• Task directions
All the data below goes into the copy word for word, but the pictures don't.

• Recorded data
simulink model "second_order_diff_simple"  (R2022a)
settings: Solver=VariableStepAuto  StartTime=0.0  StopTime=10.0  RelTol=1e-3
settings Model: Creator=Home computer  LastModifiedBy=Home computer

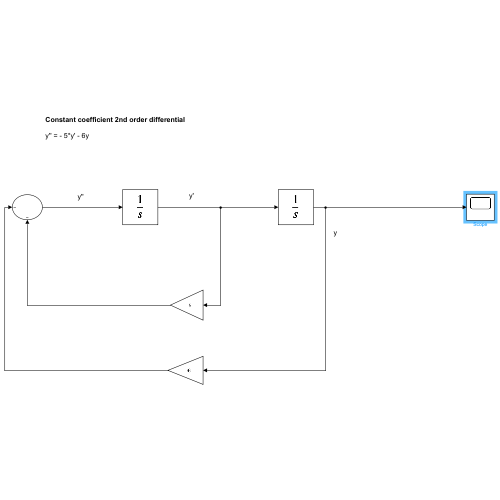
[thumbnail: Simulink's stored preview of the top-level diagram]
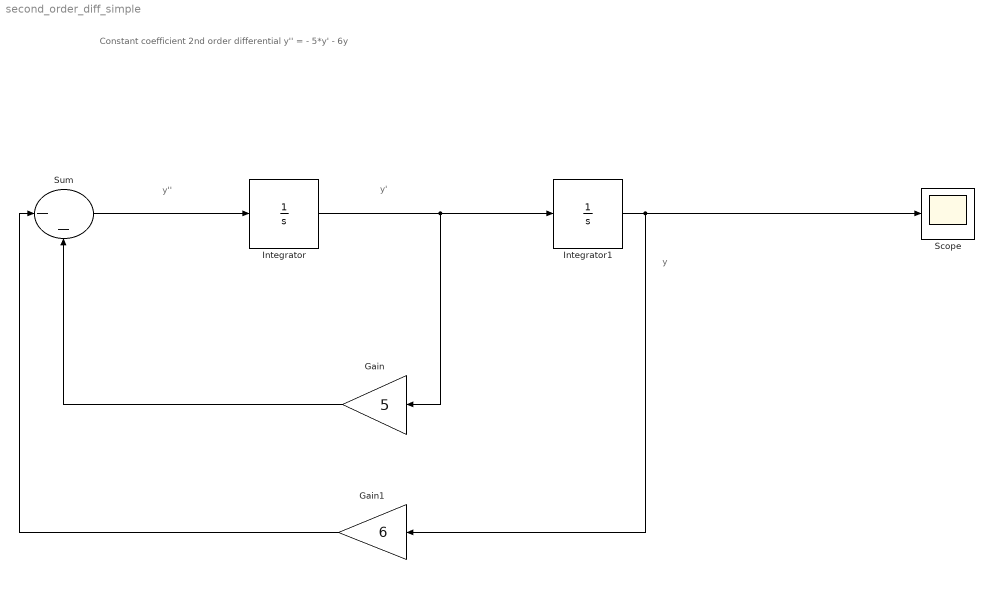
== system second_order_diff_simple ==
  note: Constant coefficient 2nd order differential
      |
      | y'' = - 5*y' - 6y
  note: y''
  note: y
  note: y'
  Gain : Gain  Gain=5
  Gain1 : Gain  Gain=6
  Integrator : Integrator  InitialCondition=1
  Integrator1 : Integrator
  Scope : Scope
  Sum : Sum  Inputs=|--
  wires:
  Integrator/1 -> Gain/1, Integrator1/1
  Gain/1 -> Sum/2
  Integrator1/1 -> Gain1/1, Scope/1
  Gain1/1 -> Sum/1
  Sum/1 -> Integrator/1
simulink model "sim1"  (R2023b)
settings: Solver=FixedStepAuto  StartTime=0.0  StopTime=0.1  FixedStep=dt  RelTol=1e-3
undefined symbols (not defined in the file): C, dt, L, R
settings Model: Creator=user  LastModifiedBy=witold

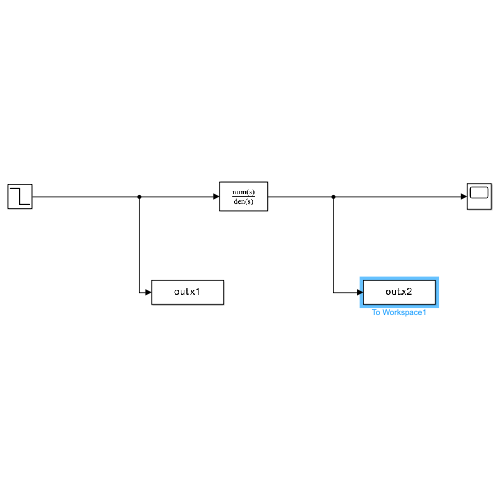
[thumbnail: Simulink's stored preview of the top-level diagram]
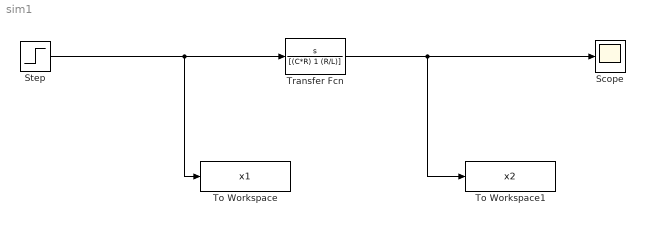
== system sim1 ==
  Scope : Scope
  Step : Step  Time=dt  Before=1  After=0  SampleTime=0
  To Workspace : ToWorkspace  VariableName=x1  SampleTime=-1
  To Workspace1 : ToWorkspace  VariableName=x2  SampleTime=-1
  Transfer Fcn : TransferFcn  Numerator=[1 0]  Denominator=[(C*R) 1 (R/L)]
  wires:
  Step/1 -> To Workspace/1, Transfer Fcn/1
  Transfer Fcn/1 -> To Workspace1/1, Scope/1

• Response area
simulink model "second_order_diff_simple"  (R2022a)
settings: Solver=VariableStepAuto  StartTime=0.0  StopTime=10.0  RelTol=1e-3
settings Model: Creator=Home computer  LastModifiedBy=Home computer

[thumbnail: Simulink's stored preview of the top-level diagram]
== system second_order_diff_simple ==
  note: Constant coefficient 2nd order differential
      |
      | y'' = - 5*y' - 6y
  note: y''
  note: y
  note: y'
  Gain : Gain  Gain=5
  Gain1 : Gain  Gain=6
  Integrator : Integrator  InitialCondition=1
  Integrator1 : Integrator
  Scope : Scope
  Sum : Sum  Inputs=|--
  wires:
  Integrator/1 -> Gain/1, Integrator1/1
  Gain/1 -> Sum/2
  Integrator1/1 -> Gain1/1, Scope/1
  Gain1/1 -> Sum/1
  Sum/1 -> Integrator/1
simulink model "sim1"  (R2023b)
settings: Solver=FixedStepAuto  StartTime=0.0  StopTime=0.1  FixedStep=dt  RelTol=1e-3
undefined symbols (not defined in the file): C, dt, L, R
settings Model: Creator=user  LastModifiedBy=witold

[thumbnail: Simulink's stored preview of the top-level diagram]
== system sim1 ==
  Scope : Scope
  Step : Step  Time=dt  Before=1  After=0  SampleTime=0
  To Workspace : ToWorkspace  VariableName=x1  SampleTime=-1
  To Workspace1 : ToWorkspace  VariableName=x2  SampleTime=-1
  Transfer Fcn : TransferFcn  Numerator=[1 0]  Denominator=[(C*R) 1 (R/L)]
  wires:
  Step/1 -> To Workspace/1, Transfer Fcn/1
  Transfer Fcn/1 -> To Workspace1/1, Scope/1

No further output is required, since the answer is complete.